Global perspective Human stories

Human-to-human bird flu infection ruled out in latest Indonesian cases

Human-to-human bird flu infection ruled out in latest Indonesian cases

The United Nations health agency today ruled out human-to-human transmission of bird flu in four Indonesian nurses tending patients with the disease, confirming that none of the nurses has the H5N1 virus and easing fears that it might already be acquiring the ability to spread more readily among humans.

“The negative test results for all four nurses provide reassuring evidence that the virus is not spreading efficiently or sustainably among humans at present,” the World Health Organization (WHO) said, referring to the stage that could make a potentially deadly human pandemic more likely.

Two of the nurses cared for siblings, a 10-year-old girl and her 18-year-old brother, who were hospitalized in Bandung, West Java, on 22 May and died the following day. One nurse has now been shown to be infected with a seasonal influenza A (H1N1) virus, which is now circulating widely throughout Indonesia.

The second nurse experienced only mild, transient symptoms, but was tested urgently as a precaution. Her test results were also negative for H5N1 infection.

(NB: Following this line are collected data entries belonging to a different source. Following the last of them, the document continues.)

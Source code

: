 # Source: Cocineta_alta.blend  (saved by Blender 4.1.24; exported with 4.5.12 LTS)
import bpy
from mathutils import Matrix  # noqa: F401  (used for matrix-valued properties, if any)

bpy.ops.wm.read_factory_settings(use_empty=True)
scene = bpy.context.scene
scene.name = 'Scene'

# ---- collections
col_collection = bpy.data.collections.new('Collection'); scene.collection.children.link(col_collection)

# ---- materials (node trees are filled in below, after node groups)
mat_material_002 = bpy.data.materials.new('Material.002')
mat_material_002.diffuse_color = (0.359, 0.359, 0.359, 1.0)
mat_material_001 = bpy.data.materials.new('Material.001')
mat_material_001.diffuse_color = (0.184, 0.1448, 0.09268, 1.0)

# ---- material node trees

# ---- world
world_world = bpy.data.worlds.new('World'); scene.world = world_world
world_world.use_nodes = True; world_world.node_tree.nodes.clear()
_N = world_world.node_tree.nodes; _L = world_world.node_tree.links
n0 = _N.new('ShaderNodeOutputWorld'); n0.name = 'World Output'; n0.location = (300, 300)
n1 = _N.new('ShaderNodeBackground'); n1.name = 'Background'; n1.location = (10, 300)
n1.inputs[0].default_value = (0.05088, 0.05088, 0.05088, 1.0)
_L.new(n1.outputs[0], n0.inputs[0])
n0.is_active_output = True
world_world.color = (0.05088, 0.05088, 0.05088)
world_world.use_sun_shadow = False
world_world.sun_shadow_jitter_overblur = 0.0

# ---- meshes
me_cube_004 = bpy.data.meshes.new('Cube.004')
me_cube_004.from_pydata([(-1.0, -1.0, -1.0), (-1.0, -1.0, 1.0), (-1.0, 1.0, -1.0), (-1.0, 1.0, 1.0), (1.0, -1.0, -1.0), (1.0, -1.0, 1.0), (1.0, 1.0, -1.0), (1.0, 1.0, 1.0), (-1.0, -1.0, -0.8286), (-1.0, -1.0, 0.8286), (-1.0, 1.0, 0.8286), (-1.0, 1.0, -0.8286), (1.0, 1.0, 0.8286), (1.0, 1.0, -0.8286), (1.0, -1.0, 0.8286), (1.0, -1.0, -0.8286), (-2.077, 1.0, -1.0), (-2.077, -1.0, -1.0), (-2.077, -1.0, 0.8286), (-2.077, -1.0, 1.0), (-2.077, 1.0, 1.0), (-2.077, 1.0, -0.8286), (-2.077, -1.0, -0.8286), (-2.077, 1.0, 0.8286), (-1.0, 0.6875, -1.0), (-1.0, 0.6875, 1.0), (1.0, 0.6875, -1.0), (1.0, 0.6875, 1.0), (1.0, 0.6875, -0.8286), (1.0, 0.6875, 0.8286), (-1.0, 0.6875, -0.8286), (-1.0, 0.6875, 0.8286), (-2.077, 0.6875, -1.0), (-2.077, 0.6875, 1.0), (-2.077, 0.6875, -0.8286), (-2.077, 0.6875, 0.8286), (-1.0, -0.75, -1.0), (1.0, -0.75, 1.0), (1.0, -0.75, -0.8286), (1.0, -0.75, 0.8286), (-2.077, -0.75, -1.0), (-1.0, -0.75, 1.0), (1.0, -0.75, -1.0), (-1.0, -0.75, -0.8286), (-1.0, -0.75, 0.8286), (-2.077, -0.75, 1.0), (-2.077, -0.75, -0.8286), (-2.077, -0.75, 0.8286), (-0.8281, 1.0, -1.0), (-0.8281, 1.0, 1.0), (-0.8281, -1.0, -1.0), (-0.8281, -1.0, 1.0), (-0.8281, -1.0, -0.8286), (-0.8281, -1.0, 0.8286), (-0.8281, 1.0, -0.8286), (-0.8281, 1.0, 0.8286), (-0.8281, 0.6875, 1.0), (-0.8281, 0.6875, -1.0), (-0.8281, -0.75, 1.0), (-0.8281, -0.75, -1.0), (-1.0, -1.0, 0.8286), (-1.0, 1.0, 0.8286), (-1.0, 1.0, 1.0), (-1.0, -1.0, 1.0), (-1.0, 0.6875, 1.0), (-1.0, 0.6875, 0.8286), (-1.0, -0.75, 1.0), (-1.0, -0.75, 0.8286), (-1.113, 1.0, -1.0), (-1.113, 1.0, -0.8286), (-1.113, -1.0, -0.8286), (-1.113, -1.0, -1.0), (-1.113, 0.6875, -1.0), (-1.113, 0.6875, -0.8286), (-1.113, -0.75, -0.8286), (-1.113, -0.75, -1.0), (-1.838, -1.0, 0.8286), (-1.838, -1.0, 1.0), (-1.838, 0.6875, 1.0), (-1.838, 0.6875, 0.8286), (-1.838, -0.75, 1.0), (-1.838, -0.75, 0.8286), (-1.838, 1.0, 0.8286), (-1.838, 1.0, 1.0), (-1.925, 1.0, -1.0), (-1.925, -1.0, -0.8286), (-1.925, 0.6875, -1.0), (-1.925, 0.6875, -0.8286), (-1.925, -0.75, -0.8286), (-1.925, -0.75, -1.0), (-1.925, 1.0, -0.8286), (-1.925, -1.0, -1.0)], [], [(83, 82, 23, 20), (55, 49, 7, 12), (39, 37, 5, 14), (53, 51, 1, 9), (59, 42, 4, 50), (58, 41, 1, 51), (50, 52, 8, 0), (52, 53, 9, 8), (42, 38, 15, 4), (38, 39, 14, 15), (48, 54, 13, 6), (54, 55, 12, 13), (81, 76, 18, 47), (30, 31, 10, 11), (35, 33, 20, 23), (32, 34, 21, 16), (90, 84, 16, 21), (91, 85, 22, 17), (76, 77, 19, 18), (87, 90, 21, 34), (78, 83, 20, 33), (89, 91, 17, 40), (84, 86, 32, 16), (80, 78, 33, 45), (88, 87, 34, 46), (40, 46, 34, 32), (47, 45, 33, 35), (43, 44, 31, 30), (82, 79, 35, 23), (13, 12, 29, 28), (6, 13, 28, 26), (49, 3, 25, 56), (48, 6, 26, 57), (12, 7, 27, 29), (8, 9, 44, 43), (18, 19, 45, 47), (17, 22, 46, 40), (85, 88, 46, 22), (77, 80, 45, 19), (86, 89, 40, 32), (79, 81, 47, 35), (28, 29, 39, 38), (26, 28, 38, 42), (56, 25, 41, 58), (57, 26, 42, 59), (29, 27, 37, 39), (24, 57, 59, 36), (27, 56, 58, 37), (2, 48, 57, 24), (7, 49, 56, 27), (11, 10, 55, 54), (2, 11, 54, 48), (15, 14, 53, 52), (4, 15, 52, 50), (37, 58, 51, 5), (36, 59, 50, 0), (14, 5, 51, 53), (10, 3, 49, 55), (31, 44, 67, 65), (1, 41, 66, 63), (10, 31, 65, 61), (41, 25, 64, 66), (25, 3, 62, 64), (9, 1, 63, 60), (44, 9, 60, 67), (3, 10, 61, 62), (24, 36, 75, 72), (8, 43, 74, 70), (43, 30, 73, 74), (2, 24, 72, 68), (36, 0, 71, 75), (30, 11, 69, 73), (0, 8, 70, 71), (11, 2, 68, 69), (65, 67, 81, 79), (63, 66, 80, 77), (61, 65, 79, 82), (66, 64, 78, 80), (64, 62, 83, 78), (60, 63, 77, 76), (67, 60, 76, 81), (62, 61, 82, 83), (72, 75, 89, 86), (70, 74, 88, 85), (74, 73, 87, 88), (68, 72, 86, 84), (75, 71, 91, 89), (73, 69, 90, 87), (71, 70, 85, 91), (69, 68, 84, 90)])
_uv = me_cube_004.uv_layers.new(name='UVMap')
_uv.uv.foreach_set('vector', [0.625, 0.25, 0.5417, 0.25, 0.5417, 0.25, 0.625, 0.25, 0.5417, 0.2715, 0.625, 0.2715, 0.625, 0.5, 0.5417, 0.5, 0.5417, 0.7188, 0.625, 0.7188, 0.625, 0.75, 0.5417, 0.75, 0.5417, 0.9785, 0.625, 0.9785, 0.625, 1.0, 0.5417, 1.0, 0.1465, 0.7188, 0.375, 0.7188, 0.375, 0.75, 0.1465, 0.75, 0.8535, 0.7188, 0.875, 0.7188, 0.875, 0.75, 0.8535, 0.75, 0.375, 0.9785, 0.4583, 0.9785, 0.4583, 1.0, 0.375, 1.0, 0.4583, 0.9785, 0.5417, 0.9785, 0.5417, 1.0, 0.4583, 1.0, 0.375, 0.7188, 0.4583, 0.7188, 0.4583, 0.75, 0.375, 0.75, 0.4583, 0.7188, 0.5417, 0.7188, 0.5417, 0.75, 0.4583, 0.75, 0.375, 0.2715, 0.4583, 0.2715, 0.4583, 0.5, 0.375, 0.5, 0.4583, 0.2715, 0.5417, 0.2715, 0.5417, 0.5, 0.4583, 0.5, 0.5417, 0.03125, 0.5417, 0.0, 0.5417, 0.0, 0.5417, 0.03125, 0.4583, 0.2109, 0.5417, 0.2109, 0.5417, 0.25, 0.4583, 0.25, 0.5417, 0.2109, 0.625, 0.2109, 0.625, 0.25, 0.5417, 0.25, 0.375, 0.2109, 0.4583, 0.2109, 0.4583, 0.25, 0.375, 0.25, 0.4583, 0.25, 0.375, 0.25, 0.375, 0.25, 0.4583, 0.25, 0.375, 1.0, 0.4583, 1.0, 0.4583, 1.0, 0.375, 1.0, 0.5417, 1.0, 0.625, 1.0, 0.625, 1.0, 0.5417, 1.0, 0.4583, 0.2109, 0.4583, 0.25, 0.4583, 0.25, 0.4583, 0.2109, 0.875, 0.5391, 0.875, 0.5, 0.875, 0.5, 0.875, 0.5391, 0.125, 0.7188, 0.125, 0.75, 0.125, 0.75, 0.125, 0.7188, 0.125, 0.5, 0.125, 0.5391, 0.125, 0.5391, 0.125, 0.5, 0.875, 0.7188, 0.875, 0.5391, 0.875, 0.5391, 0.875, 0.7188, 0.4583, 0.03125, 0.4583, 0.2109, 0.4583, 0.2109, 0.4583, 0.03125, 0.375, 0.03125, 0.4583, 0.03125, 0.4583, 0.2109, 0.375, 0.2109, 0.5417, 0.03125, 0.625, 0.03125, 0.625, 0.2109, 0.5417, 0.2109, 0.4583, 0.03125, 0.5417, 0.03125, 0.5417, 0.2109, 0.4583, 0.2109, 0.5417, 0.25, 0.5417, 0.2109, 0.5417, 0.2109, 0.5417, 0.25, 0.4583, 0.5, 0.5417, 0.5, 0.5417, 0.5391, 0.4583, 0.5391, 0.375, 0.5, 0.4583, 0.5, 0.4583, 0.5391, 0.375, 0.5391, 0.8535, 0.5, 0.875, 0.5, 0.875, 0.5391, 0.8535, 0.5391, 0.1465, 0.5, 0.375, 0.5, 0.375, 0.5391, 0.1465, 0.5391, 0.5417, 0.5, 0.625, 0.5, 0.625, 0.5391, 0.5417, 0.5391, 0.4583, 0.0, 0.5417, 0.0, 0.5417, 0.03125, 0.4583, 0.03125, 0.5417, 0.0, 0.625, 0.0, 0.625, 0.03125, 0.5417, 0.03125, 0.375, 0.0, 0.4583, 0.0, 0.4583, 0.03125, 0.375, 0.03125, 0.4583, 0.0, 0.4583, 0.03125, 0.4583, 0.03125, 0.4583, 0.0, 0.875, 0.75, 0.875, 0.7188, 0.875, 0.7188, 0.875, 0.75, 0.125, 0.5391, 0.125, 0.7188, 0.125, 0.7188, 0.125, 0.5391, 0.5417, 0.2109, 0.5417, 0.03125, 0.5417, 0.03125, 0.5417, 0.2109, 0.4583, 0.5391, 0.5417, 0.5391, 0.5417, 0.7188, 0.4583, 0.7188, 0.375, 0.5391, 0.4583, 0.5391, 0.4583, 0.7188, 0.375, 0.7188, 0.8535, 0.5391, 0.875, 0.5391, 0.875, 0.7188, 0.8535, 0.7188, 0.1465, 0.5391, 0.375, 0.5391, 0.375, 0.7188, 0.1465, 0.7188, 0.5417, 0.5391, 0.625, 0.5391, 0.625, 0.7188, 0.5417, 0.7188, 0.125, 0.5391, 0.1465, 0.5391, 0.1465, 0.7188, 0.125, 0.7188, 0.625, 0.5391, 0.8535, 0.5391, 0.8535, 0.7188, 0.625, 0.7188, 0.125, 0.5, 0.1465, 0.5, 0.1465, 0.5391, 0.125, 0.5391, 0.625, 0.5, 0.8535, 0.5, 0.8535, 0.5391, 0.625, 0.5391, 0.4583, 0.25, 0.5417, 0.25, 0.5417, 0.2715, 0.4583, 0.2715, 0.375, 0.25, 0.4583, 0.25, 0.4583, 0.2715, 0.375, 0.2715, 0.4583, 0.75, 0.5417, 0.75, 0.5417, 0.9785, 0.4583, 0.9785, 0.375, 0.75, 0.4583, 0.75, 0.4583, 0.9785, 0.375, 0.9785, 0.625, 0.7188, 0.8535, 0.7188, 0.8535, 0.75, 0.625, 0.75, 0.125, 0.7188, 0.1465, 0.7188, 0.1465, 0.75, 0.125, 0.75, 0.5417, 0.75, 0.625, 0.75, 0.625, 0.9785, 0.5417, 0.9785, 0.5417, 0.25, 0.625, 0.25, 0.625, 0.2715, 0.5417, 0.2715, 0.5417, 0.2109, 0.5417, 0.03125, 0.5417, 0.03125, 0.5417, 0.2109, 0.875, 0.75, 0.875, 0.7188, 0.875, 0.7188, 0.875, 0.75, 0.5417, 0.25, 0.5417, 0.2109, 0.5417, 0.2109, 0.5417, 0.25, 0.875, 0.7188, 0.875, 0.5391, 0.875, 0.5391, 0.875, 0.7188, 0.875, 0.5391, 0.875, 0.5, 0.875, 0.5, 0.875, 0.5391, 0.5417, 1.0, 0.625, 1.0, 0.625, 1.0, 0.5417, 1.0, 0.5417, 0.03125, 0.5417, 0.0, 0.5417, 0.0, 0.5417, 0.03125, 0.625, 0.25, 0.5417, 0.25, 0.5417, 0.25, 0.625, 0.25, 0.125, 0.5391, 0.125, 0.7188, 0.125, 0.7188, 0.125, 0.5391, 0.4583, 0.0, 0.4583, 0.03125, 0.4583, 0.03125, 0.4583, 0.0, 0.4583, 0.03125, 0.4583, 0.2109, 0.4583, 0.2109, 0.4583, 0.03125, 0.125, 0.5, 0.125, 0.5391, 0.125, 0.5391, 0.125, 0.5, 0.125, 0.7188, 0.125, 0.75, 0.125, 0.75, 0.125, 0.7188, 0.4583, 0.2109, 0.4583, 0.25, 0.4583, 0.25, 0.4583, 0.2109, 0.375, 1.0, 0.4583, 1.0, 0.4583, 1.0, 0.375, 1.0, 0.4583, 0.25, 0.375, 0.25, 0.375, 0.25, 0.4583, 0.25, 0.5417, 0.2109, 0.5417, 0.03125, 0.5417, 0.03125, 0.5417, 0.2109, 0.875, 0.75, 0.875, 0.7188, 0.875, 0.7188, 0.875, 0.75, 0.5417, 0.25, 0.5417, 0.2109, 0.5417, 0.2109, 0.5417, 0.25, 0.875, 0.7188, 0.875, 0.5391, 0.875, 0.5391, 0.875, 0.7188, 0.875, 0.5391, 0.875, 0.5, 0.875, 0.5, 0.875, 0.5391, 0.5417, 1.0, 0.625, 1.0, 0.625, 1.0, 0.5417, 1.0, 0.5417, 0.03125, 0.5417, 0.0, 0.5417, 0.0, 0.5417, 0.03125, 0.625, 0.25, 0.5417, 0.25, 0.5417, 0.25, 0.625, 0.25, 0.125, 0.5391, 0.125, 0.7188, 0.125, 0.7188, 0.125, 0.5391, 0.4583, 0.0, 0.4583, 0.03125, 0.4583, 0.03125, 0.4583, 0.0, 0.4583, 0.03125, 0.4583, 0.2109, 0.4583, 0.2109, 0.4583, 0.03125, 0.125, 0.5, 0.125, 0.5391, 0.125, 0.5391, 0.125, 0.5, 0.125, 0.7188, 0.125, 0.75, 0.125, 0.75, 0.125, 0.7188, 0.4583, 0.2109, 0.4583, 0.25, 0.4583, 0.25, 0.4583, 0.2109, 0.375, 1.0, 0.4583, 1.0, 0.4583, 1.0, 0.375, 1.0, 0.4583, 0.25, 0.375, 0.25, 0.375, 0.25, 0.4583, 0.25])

Two additional nurses at a hospital in Medan, North Sumatra, cared for confirmed H5N1 cases among members of an extended family from the village of Kubu Simbelang in Karo District. One of the nurses experienced only mild symptoms while the second developed an influenza-like illness, but test results received today are also negative for H5N1.

Although more than 200 million birds have died worldwide from either the virus or preventive culling, there have so far been only 225 human cases, 128 of them fatal, since the current outbreak started in South East Asia in December 2003, and these have been ascribed to contact with infected birds.

But experts fear the virus could mutate, gaining the ability to pass from person to person and, in a worst case scenario, unleashing a deadly human pandemic similar to the so-called Spanish flu outbreak of 1918 that is estimated to have killed from 20 million to 40 million people worldwide by the time it had run its course two years later.

Indonesia is currently a main locus of the disease with 49 cases, 37 of them fatal, second only to Vietnam with 93 cases, 42 of them fatal, but no reported infections at all this year.